EXERCISE PROMPT: Where the string "ezdxf" occurs in a line of the data below, that line should be copied.

STUDY MATERIAL:
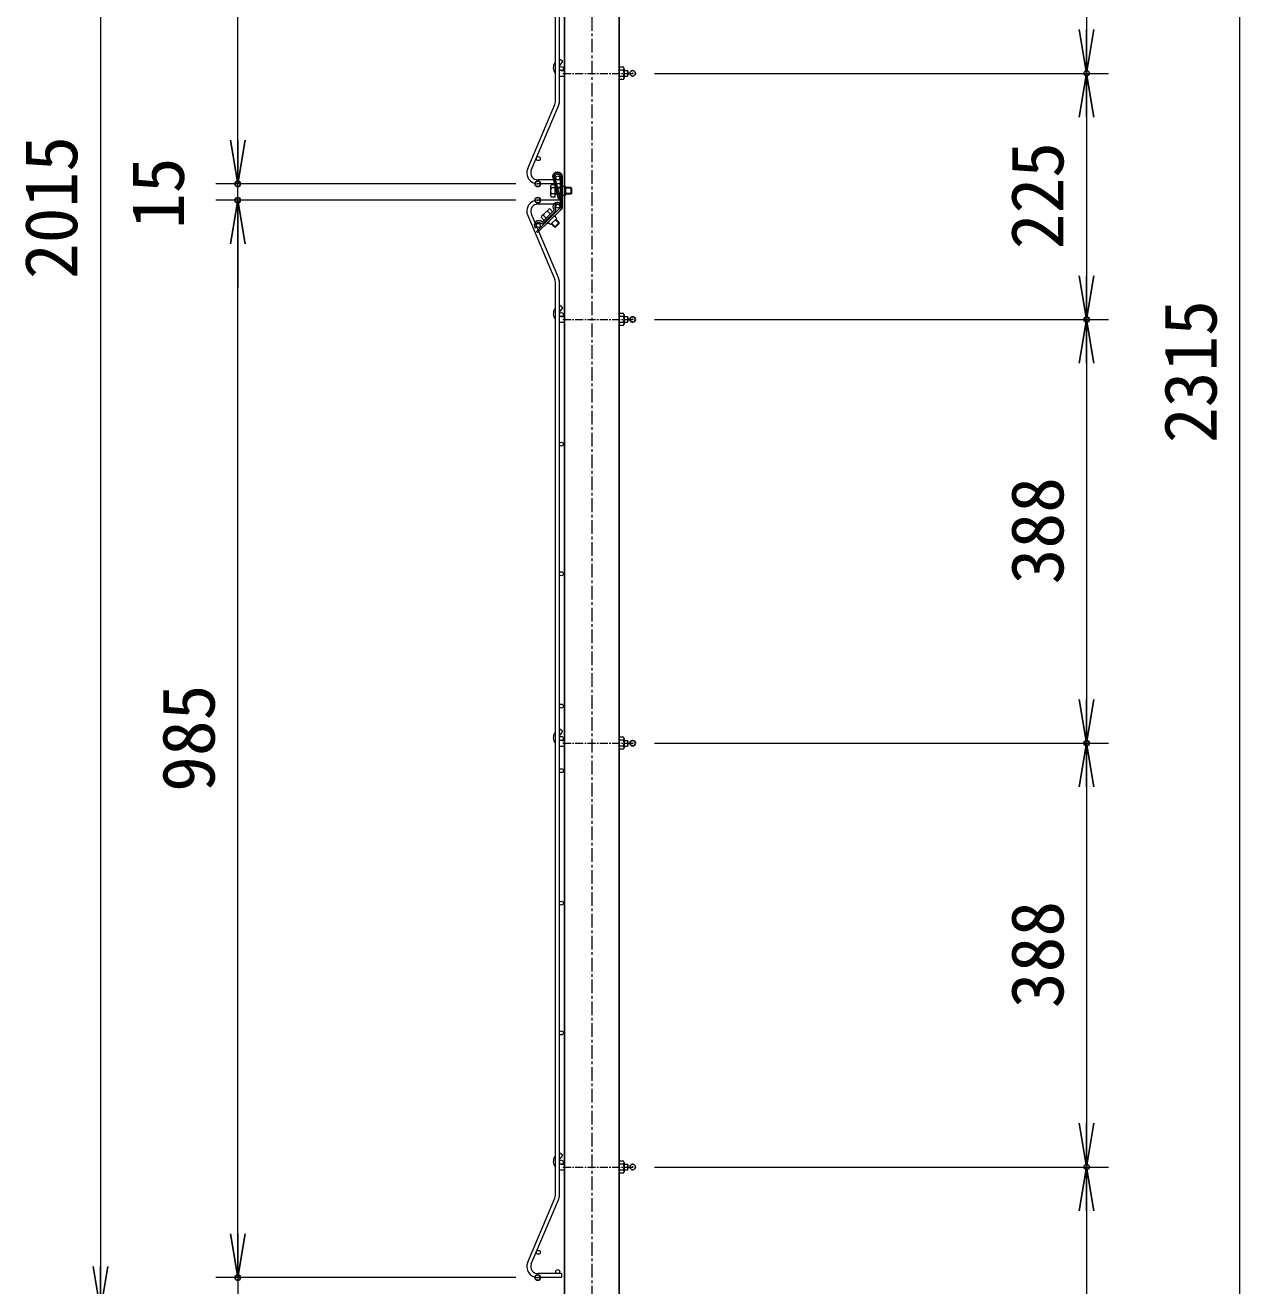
# Model space of a CAD drawing. Units: millimetres, scale not verified. Extents: x -4200 to 4200, y -2970 to 2970.
# Drawn here: x -349 to 761, y -1624 to -471 of the extents above; entities that cross this region are included whole.
import ezdxf
from ezdxf.enums import TextEntityAlignment as Align

# ---------------------------------------------------------------- set-up
doc = ezdxf.new("R2010")
doc.units = ezdxf.units.MM
doc.header["$LTSCALE"] = 10
doc.header["$PDMODE"] = 32
doc.header["$PDSIZE"] = 5
for name, pattern in [('USER1', [2, 1.25, -0.25, 0.25, -0.25]), ('USER2', [0.375, 0.25, -0.125]), ('USER3', [1.125, 0.75, -0.125, 0.125, -0.125])]:
    doc.linetypes.add(name, pattern=pattern)
for name, color, linetype, lineweight in [('0-0_D-BMK', 2, 'USER1', 13), ('0-1_D-STR1', 1, 'Continuous', 25), ('0-2_D-STR-DIM', 7, 'Continuous', 13), ('0-3_0', 7, 'Continuous', 25), ('0-7_D-STR2', 7, 'Continuous', 9), ('0-9_D-STR3', 3, 'Continuous', 13)]:
    doc.layers.add(name, color=color, linetype=linetype, lineweight=lineweight)
doc.layers.add('0-4_DEFPOINTS', color=7, linetype='Continuous')
doc.styles.add('ＭＳ ゴシック', font='')
doc.styles.get('ＭＳ ゴシック').set_extended_font_data('MS Gothic')

# ---------------------------------------------------------------- blocks, each defined once
blk = doc.blocks.new('_OPEN')
at = {"layer": '0-3_0'}
blk.add_line((0, 0), (-10, 0), dxfattribs=at)
blk.add_lwpolyline([(-10, 1.667), (0, 0), (-10, -1.667)], dxfattribs=at)

msp = doc.modelspace()

# ---------------------------------------------------------------- linework, layer by layer
at = {"layer": '0-0_D-BMK'}
msp.add_line((168.66, 396.4), (168.66, -1980.33), dxfattribs=at)
at = {"layer": '0-0_D-BMK', "linetype": 'USER3'}
for p, q in [((142.26, -515.03), (206.1, -515.03)), ((142.26, -740.03), (206.1, -740.03)), ((142.26, -1127.53), (206.1, -1127.53)), ((142.26, -1515.03), (206.1, -1515.03))]:
    msp.add_line(p, q, dxfattribs=at)
at = {"layer": '0-1_D-STR1'}
for p, q in [((193.66, 403.1), (193.66, -1946.03)), ((143.66, 389.7), (143.66, -1946.03))]:
    msp.add_line(p, q, dxfattribs=at)
at = {"layer": '0-2_D-STR-DIM'}
for p, q in [((-280.36, 328.97), (-280.36, -1606.03)), ((-154.82, -576.03), (-154.82, 328.97)), ((761.02, -1906.03), (761.02, 328.97)), ((621.02, -167.53), (621.02, -475.03)), ((226.1, -515.03), (641.02, -515.03)), ((226.1, -515.03), (641.02, -515.03)), ((-154.82, -576.03), (-154.82, -536.03)), ((621.02, -555.03), (621.02, -700.03)), ((99.36, -616.03), (-174.82, -616.03)), ((99.36, -616.03), (-174.82, -616.03)), ((-154.82, -631.03), (-154.82, -616.03)), ((99.36, -631.03), (-174.82, -631.03)), ((99.36, -631.03), (-174.82, -631.03)), ((-154.82, -1576.03), (-154.82, -671.03)), ((-154.82, -671.03), (-154.82, -711.03)), ((226.1, -740.03), (641.02, -740.03)), ((226.1, -740.03), (641.02, -740.03)), ((621.02, -780.03), (621.02, -1087.53)), ((226.1, -1127.53), (641.02, -1127.53)), ((226.1, -1127.53), (641.02, -1127.53)), ((621.02, -1167.53), (621.02, -1475.03)), ((226.1, -1515.03), (641.02, -1515.03)), ((226.1, -1515.03), (641.02, -1515.03)), ((-154.82, -1576.03), (-154.82, -1536.03)), ((621.02, -1555.03), (621.02, -1906.03)), ((99.36, -1616.03), (-174.82, -1616.03)), ((99.36, -1616.03), (-174.82, -1616.03)), ((-154.82, -1616.03), (-154.82, -1646.03))]:
    msp.add_line(p, q, dxfattribs=at)
at = {"layer": '0-4_DEFPOINTS'}
for p in [(206.1, -515.03), (621.02, -515.03), (-154.82, -616.03), (119.36, -616.03), (-154.82, -631.03), (119.36, -631.03), (206.1, -740.03), (206.1, -740.03), (621.02, -740.03), (206.1, -1127.53), (621.02, -1127.53), (206.1, -1515.03), (621.02, -1515.03), (-154.82, -1616.03), (119.36, -1616.03)]:
    msp.add_point(p, dxfattribs=at)
at = {"layer": '0-7_D-STR2'}
for p, q in [((135.56, -540.97), (135.56, 293.91)), ((139.16, -540.97), (139.16, 293.91)), ((110.16, -602.12), (135.06, -543.47)), ((113.47, -603.53), (138.37, -544.88)), ((141.16, -612.43), (119.36, -612.43)), ((141.16, -616.03), (119.36, -616.03)), ((141.16, -612.43), (141.16, -616.03)), ((141.16, -631.03), (119.36, -631.03)), ((141.16, -634.63), (141.16, -631.03)), ((110.16, -644.94), (135.06, -703.59)), ((113.47, -643.53), (138.37, -702.18)), ((141.16, -634.63), (119.36, -634.63)), ((135.56, -1540.97), (135.56, -706.09)), ((139.16, -1540.97), (139.16, -706.09)), ((110.16, -1602.12), (135.06, -1543.47)), ((113.47, -1603.53), (138.37, -1544.88)), ((141.16, -1612.43), (119.36, -1612.43)), ((141.16, -1612.43), (141.16, -1616.03)), ((141.16, -1616.03), (119.36, -1616.03))]:
    msp.add_line(p, q, dxfattribs=at)
for centre in [(140.96, -510.63), (119.9, -593), (137.66, -610.63), (137.66, -636.43), (119.9, -654.06), (140.96, -735.6), (140.96, -854.08), (140.96, -972.58), (140.96, -1093.58), (140.96, -1123.1), (140.96, -1152.58), (140.96, -1273.74), (140.96, -1392.39), (140.96, -1510.63), (119.9, -1593), (137.66, -1610.63)]:
    msp.add_circle(centre, 1.8, dxfattribs=at)
for centre, radius, start, end in [((129.16, -540.97), 6.4, 337, 0), ((129.16, -540.97), 10, 337, 0), ((119.36, -606.03), 10, 157, 270), ((119.36, -606.03), 6.4, 157, 270), ((119.36, -641.03), 10, 90, 203), ((119.36, -641.03), 6.4, 90, 203), ((129.16, -706.09), 10, 0, 23), ((129.16, -706.09), 6.4, 0, 23), ((129.16, -1540.97), 6.4, 337, 0), ((129.16, -1540.97), 10, 337, 0), ((119.36, -1606.03), 10, 157, 270), ((119.36, -1606.03), 6.4, 157, 270)]:
    msp.add_arc(centre, radius, start, end, dxfattribs=at)
at = {"layer": '0-9_D-STR3'}
for p, q in [((135.13, -505.13), (135.56, -504.56)), ((142.26, -504.31), (139.16, -501.98)), ((139.29, -508.26), (142.26, -504.31)), ((141.36, -512.43), (143.66, -512.43)), ((141.36, -517.63), (143.66, -517.63)), ((197.8, -509.5), (193.66, -509.5)), ((197.8, -512.27), (193.66, -512.27)), ((197.8, -517.79), (193.66, -517.79)), ((198.3, -510.87), (198.3, -519.37)), ((198.3, -512.43), (201.4, -512.43)), ((198.3, -517.63), (201.4, -517.63)), ((201.4, -512.43), (201.4, -517.63)), ((197.8, -520.55), (193.66, -520.55)), ((131.16, -618.42), (131.16, -626.59)), ((135.16, -617.05), (131.52, -617.05)), ((135.16, -619.78), (131.52, -619.78)), ((135.16, -627.95), (135.16, -617.05)), ((135.78, -619.5), (135.16, -619.5)), ((135.94, -620.1), (135.16, -620.1)), ((140.01, -619.5), (137.38, -619.5)), ((140.01, -620.1), (137.54, -620.1)), ((144.58, -618.51), (144.58, -626.5)), ((149.56, -619.5), (144.58, -619.5)), ((150.16, -620.1), (144.58, -620.1)), ((150.16, -620.1), (149.56, -619.5)), ((149.56, -619.5), (149.56, -625.5)), ((150.16, -620.1), (150.16, -624.9)), ((135.16, -625.23), (131.52, -625.23)), ((131.52, -627.95), (135.16, -627.95)), ((137.17, -624.9), (135.16, -624.9)), ((137.32, -625.5), (135.16, -625.5)), ((138.43, -629.84), (139.93, -629.46)), ((140.01, -624.9), (138.77, -624.9)), ((140.01, -625.5), (138.92, -625.5)), ((139.72, -633.73), (139.38, -635.2)), ((150.16, -624.9), (144.58, -624.9)), ((149.56, -625.5), (144.58, -625.5)), ((150.16, -624.9), (149.56, -625.5)), ((129.04, -639.73), (123.2, -645.45)), ((123.58, -650.67), (134.25, -640.22)), ((124.43, -644.76), (126.97, -647.36)), ((124.7, -651.82), (135.37, -641.37)), ((128.32, -640.95), (130.86, -643.54)), ((130.27, -639.04), (132.81, -641.63)), ((131.75, -644.91), (132.38, -645.56)), ((132.18, -644.49), (132.81, -645.14)), ((116.95, -656.19), (118.45, -655.7)), ((122.48, -646.67), (125.02, -649.26)), ((127.89, -648.69), (128.52, -649.33)), ((128.32, -648.27), (128.95, -648.91)), ((134.75, -655.69), (131.72, -652.6)), ((135.6, -655.7), (132.15, -652.18)), ((139.04, -651.49), (134.75, -655.69)), ((135.6, -655.7), (134.75, -655.69)), ((139.03, -652.34), (135.58, -648.82)), ((139.03, -652.34), (135.6, -655.7)), ((139.04, -651.49), (136.01, -648.4)), ((139.03, -652.34), (139.04, -651.49)), ((135.13, -730.13), (135.56, -729.56)), ((142.26, -729.31), (139.16, -726.98)), ((139.29, -733.26), (142.26, -729.31)), ((141.36, -737.43), (143.66, -737.43)), ((197.8, -734.5), (193.66, -734.5)), ((197.8, -737.27), (193.66, -737.27)), ((198.3, -735.87), (198.3, -744.37)), ((141.36, -742.63), (143.66, -742.63)), ((197.8, -742.79), (193.66, -742.79)), ((197.8, -745.55), (193.66, -745.55)), ((198.3, -742.63), (201.4, -742.63)), ((135.13, -1117.63), (135.56, -1117.06)), ((142.26, -1116.81), (139.16, -1114.48)), ((139.29, -1120.76), (142.26, -1116.81)), ((141.36, -1124.93), (143.66, -1124.93)), ((197.8, -1122), (193.66, -1122)), ((197.8, -1124.77), (193.66, -1124.77)), ((198.3, -1123.37), (198.3, -1131.87)), ((198.3, -1124.93), (201.4, -1124.93)), ((201.4, -1124.93), (201.4, -1130.13)), ((141.36, -1130.13), (143.66, -1130.13)), ((197.8, -1130.29), (193.66, -1130.29)), ((197.8, -1133.05), (193.66, -1133.05)), ((198.3, -1130.13), (201.4, -1130.13)), ((135.13, -1505.13), (135.56, -1504.56)), ((142.26, -1504.31), (139.16, -1501.98)), ((139.29, -1508.26), (142.26, -1504.31)), ((197.8, -1509.5), (193.66, -1509.5)), ((141.36, -1512.43), (143.66, -1512.43)), ((141.36, -1517.63), (143.66, -1517.63)), ((197.8, -1512.27), (193.66, -1512.27)), ((197.8, -1517.79), (193.66, -1517.79)), ((197.8, -1520.55), (193.66, -1520.55)), ((198.3, -1510.87), (198.3, -1519.37)), ((198.3, -1517.63), (201.4, -1517.63))]:
    msp.add_line(p, q, dxfattribs=at)
at = {"layer": '0-9_D-STR3', "lineweight": 25}
for p, q in [((133.21, -609.46), (138.43, -629.84)), ((134.81, -609.46), (139.93, -629.46)), ((140.01, -609.46), (140.01, -637.14)), ((141.61, -609.46), (141.61, -637.11)), ((144.58, -618.51), (143.12, -618.51)), ((144.58, -626.5), (143.12, -626.5)), ((139.35, -638.72), (118.16, -659.49)), ((140.5, -639.84), (119.28, -660.63)), ((139.35, -638.72), (140.5, -639.84)), ((136.72, -647.7), (135.7, -646.66)), ((118.16, -659.49), (119.28, -660.63))]:
    msp.add_line(p, q, dxfattribs=at)
at = {"layer": '0-9_D-STR3', "linetype": 'USER2'}
for p, q in [((131.21, -640), (131.24, -640.03)), ((125.37, -645.72), (125.4, -645.75))]:
    msp.add_line(p, q, dxfattribs=at)
at = {"layer": '0-9_D-STR3'}
for points in [[(136.72, -647.7), (131.01, -653.3), (129.99, -652.25)], [(198.3, -737.43), (201.4, -737.43), (201.4, -742.63)], [(198.3, -1512.43), (201.4, -1512.43), (201.4, -1517.63)]]:
    msp.add_lwpolyline(points, dxfattribs=at)
for centre, radius, start, end in [((141.36, -509.83), 7.8, 143, 221.96156), ((141.36, -509.83), 2.6, 143, 147.797), ((141.36, -509.83), 2.6, 212.203, 270), ((141.36, -509.83), 7.8, 253.6171, 270), ((196.14, -510.88), 2.16, 320.19668, 39.80332), ((190.42, -515.03), 7.88, 339.48158, 20.51842), ((196.18, -519.17), 2.13, 319.53759, 40.46241), ((198.36, -515.03), 4, 319.4584, 40.5416), ((133.88, -618.42), 2.73, 150, 210), ((141.51, -622.5), 10.35, 164.73852, 195.26148), ((143.21, -616.91), 1.6, 180, 270), ((133.88, -626.59), 2.73, 150, 210), ((137.32, -637), 4.05, 53.68647, 221.43997), ((143.21, -628.1), 1.6, 90, 180), ((125.11, -647.4), 2.73, 104.409, 164.409), ((133.36, -649.99), 10.35, 119.14752, 149.67048), ((130.95, -641.68), 2.73, 104.409, 164.409), ((133.97, -639.94), 0.4, 314.409, 39.42046), ((137.53, -637.02), 2.6, 44.409, 219.42046), ((133.97, -639.94), 2, 314.409, 39.42046), ((120.31, -653.79), 4.13, 48.50138, 215.66553), ((120.31, -653.88), 2.6, 49.39754, 224.409), ((123.3, -650.39), 2, 229.39754, 314.409), ((123.3, -650.39), 0.4, 229.39754, 314.409), ((141.36, -734.83), 7.8, 143, 221.96156), ((141.36, -734.83), 2.6, 212.203, 270), ((196.14, -735.88), 2.16, 320.19668, 39.80332), ((190.42, -740.03), 7.88, 339.48158, 20.51842), ((198.36, -740.03), 4, 319.4584, 40.5416), ((141.36, -734.83), 7.8, 253.6171, 270), ((196.18, -744.17), 2.13, 319.53759, 40.46241), ((141.36, -1122.33), 7.8, 143, 221.96156), ((141.36, -1122.33), 2.6, 143, 147.797), ((141.36, -1122.33), 2.6, 212.203, 270), ((196.14, -1123.38), 2.16, 320.19668, 39.80332), ((190.42, -1127.53), 7.88, 339.48158, 20.51842), ((198.36, -1127.53), 4, 319.4584, 40.5416), ((141.36, -1122.33), 7.8, 253.6171, 270), ((196.18, -1131.67), 2.13, 319.53759, 40.46241), ((141.36, -1509.83), 7.8, 143, 221.96156), ((141.36, -1509.83), 2.6, 143, 147.797), ((196.14, -1510.88), 2.16, 320.19668, 39.80332), ((141.36, -1509.83), 2.6, 212.203, 270), ((141.36, -1509.83), 7.8, 253.6171, 270), ((190.42, -1515.03), 7.88, 339.48158, 20.51842), ((196.18, -1519.17), 2.13, 319.53759, 40.46241), ((198.36, -1515.03), 4, 319.4584, 40.5416)]:
    msp.add_arc(centre, radius, start, end, dxfattribs=at)
at = {"layer": '0-9_D-STR3', "lineweight": 25}
for centre, radius, start, end in [((137.41, -609.46), 4.2, 0, 180), ((137.41, -609.46), 2.6, 0, 180), ((136.9, -645.61), 1.6, 134.409, 224.409), ((137.71, -637.11), 2.3, 315.6, 0), ((137.71, -637.11), 3.9, 315.6, 0), ((128.91, -653.44), 1.6, 44.409, 134.409)]:
    msp.add_arc(centre, radius, start, end, dxfattribs=at)

# ---------------------------------------------------------------- block references
at = {"layer": '0-2_D-STR-DIM', "xscale": 4, "yscale": 4}
for p, rotation in [((621.02, -515.03), 270), ((621.02, -515.03), 90), ((-154.82, -616.03), 270), ((-154.82, -616.03), 270), ((-154.82, -631.03), 90), ((-154.82, -631.03), 90), ((621.02, -740.03), 270), ((621.02, -740.03), 90), ((621.02, -1127.53), 270), ((621.02, -1127.53), 90), ((621.02, -1515.03), 270), ((621.02, -1515.03), 90), ((-154.82, -1616.03), 270), ((-154.82, -1616.03), 270), ((-280.36, -1646.03), 270)]:
    msp.add_blockref('_OPEN', p, dxfattribs=dict(at, rotation=rotation))

# ---------------------------------------------------------------- texts
at = {"layer": '0-2_D-STR-DIM', "style": 'ＭＳ ゴシック'}
for s, p in [('2015', (-287.1, -703.13)), ('225', (614.27, -675.88)), ('15', (-189.57, -657.28)), ('2315', (754.27, -853.13)), ('388', (614.27, -982.28)), ('985', (-161.57, -1172.01)), ('388', (614.27, -1369.78))]:
    msp.add_text(s, height=48.09, rotation=90, dxfattribs=at).set_placement(p, align=Align.BOTTOM_LEFT)

doc.saveas('drawing.dxf')

RESULT OF THE EXERCISE:
import ezdxf
from ezdxf.enums import TextEntityAlignment as Align
doc = ezdxf.new("R2010")
doc.units = ezdxf.units.MM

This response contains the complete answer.